[Work task]
From the entries below, copy out every line with "linetypes" in it.

[Provided data]
=======

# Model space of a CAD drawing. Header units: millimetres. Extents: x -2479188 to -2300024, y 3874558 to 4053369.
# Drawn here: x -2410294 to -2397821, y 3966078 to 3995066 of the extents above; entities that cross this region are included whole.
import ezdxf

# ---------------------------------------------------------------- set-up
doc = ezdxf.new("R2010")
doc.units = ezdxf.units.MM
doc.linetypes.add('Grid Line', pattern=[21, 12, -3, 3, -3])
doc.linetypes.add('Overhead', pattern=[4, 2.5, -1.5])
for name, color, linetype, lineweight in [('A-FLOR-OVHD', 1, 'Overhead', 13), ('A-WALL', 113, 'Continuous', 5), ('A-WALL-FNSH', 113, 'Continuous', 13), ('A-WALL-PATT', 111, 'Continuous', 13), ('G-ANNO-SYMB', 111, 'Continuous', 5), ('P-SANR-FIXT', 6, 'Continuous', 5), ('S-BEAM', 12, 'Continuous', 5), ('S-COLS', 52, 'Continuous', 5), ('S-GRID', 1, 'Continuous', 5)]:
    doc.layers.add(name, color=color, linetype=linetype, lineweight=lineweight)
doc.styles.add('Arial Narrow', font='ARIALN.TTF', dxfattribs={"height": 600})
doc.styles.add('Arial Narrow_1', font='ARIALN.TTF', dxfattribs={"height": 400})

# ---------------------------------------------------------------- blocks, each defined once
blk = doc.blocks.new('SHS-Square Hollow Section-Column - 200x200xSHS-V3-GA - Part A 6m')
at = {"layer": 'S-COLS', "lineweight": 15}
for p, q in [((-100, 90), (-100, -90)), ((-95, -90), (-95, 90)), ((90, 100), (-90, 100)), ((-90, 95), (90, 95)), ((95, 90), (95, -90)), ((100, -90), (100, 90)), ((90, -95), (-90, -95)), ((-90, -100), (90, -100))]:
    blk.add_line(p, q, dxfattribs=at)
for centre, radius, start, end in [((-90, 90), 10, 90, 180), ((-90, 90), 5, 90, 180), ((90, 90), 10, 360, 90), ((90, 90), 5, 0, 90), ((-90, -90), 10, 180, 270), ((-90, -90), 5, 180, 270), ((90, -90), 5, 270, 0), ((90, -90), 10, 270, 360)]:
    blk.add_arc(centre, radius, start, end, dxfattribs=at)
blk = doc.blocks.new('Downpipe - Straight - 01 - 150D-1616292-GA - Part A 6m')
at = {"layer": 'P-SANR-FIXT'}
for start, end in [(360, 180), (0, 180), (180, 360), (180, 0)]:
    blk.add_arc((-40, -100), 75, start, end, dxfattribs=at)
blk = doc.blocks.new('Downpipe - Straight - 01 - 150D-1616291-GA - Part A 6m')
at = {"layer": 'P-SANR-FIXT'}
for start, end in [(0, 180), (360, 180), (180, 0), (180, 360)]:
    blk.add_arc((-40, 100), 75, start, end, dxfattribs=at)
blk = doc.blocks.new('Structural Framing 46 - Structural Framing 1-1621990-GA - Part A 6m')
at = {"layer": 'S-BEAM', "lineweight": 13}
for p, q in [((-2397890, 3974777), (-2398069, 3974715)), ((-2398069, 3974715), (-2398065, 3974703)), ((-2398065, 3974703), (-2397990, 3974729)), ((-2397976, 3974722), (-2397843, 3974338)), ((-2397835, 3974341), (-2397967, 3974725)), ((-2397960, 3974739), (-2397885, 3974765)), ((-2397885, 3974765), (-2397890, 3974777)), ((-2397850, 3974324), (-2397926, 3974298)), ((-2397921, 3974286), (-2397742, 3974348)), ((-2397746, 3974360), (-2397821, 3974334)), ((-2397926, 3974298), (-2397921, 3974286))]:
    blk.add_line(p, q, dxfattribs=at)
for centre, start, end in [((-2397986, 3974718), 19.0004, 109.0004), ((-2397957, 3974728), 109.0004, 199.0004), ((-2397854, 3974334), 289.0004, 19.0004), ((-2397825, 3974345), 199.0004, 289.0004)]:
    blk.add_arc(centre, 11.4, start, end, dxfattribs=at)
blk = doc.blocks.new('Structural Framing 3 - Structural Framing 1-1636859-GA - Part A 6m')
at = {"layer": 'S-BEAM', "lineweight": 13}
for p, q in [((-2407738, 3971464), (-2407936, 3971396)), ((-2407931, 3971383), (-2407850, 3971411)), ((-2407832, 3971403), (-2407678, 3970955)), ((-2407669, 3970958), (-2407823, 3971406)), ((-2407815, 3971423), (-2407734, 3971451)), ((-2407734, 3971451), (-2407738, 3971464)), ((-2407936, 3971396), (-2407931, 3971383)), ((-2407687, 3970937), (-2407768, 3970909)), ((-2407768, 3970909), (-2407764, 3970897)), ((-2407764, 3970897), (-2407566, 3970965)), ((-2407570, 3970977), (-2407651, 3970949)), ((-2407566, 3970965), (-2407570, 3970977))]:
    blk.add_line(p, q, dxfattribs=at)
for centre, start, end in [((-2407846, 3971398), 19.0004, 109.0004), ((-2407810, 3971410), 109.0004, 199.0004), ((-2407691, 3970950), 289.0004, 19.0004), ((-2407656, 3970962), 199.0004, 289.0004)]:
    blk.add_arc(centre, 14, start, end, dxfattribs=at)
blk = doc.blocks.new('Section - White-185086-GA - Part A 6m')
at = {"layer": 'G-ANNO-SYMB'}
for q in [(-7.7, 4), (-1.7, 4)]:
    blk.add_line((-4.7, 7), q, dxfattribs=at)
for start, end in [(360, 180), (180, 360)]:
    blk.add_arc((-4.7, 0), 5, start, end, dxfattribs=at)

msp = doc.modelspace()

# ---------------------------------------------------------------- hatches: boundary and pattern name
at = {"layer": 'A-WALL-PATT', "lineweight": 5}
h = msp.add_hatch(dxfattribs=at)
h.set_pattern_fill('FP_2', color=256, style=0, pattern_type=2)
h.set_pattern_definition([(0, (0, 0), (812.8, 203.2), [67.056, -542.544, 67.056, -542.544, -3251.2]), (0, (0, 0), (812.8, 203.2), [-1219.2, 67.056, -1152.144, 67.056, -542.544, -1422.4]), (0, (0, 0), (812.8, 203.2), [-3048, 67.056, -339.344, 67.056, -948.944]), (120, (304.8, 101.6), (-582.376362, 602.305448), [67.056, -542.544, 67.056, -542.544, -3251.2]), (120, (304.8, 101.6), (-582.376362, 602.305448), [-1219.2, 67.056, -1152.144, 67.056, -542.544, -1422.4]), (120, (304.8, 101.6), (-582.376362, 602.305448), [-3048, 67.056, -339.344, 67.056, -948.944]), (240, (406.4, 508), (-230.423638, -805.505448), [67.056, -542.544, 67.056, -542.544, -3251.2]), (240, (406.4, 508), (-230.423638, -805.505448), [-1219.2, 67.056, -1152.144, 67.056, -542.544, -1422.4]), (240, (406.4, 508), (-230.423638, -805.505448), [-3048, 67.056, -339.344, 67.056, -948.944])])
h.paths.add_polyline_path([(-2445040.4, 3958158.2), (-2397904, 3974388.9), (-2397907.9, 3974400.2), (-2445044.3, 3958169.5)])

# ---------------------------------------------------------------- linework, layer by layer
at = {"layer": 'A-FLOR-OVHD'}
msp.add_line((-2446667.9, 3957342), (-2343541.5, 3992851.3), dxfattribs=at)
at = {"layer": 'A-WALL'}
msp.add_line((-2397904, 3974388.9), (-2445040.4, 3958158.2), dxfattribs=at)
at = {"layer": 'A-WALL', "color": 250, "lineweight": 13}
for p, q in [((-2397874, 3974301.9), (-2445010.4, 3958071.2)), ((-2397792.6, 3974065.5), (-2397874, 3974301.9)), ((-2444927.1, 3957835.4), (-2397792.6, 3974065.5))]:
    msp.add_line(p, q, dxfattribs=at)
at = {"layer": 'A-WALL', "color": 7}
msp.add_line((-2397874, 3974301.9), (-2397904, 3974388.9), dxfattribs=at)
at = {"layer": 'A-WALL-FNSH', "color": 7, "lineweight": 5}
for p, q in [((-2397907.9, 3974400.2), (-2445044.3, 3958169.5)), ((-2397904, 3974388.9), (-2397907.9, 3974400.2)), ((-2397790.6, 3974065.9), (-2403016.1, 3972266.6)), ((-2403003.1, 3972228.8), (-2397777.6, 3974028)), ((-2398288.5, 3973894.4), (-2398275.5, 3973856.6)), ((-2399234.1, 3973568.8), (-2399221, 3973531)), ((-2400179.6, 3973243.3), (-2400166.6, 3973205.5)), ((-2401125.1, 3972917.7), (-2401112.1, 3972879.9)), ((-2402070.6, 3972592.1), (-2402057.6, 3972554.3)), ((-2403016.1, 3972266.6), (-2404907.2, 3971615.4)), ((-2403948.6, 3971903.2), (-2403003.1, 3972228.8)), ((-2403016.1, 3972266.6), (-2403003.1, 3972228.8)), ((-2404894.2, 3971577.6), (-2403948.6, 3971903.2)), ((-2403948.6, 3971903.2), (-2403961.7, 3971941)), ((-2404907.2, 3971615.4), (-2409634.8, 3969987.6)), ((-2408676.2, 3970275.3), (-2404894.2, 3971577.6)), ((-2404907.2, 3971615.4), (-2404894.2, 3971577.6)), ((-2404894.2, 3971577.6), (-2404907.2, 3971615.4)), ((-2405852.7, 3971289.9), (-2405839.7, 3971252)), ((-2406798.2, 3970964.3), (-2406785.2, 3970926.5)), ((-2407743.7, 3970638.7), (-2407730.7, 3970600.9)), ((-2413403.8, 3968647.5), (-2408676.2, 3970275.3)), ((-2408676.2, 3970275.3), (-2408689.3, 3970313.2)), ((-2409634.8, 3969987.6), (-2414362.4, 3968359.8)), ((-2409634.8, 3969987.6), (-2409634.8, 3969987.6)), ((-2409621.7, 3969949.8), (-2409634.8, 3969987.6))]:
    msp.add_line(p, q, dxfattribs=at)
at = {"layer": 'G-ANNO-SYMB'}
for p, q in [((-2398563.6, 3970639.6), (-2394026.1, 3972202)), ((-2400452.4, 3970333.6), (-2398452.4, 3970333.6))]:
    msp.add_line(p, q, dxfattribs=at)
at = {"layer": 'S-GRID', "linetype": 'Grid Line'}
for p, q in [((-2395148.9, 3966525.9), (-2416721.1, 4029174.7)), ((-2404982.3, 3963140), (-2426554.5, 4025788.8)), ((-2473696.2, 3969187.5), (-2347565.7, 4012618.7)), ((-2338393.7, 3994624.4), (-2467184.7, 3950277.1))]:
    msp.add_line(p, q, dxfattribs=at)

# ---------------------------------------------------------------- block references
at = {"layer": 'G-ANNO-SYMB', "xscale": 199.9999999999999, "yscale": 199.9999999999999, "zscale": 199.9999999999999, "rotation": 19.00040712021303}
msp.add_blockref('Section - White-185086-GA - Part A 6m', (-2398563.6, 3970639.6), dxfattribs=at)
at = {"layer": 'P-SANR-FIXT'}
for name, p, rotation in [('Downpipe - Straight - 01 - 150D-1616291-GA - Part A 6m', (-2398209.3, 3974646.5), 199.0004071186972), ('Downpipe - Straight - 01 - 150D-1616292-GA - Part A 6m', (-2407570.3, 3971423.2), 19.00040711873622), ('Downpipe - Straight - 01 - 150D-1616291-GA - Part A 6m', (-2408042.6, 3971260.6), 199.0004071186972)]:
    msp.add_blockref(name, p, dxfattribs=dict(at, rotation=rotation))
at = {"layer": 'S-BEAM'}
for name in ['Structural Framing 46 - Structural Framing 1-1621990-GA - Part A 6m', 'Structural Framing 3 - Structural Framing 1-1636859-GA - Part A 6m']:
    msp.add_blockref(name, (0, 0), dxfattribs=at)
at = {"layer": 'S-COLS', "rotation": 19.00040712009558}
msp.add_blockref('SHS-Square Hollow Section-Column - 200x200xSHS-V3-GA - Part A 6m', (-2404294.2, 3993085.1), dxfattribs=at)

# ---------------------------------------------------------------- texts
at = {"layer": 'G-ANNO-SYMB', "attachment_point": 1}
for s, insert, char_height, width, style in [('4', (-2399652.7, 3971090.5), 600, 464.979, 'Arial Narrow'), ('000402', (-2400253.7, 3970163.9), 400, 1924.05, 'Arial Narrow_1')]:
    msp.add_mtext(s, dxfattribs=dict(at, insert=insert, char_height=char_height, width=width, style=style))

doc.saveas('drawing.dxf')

=======

[Answer for this exercise]
doc.linetypes.add('Grid Line', pattern=[21, 12, -3, 3, -3])
doc.linetypes.add('Overhead', pattern=[4, 2.5, -1.5])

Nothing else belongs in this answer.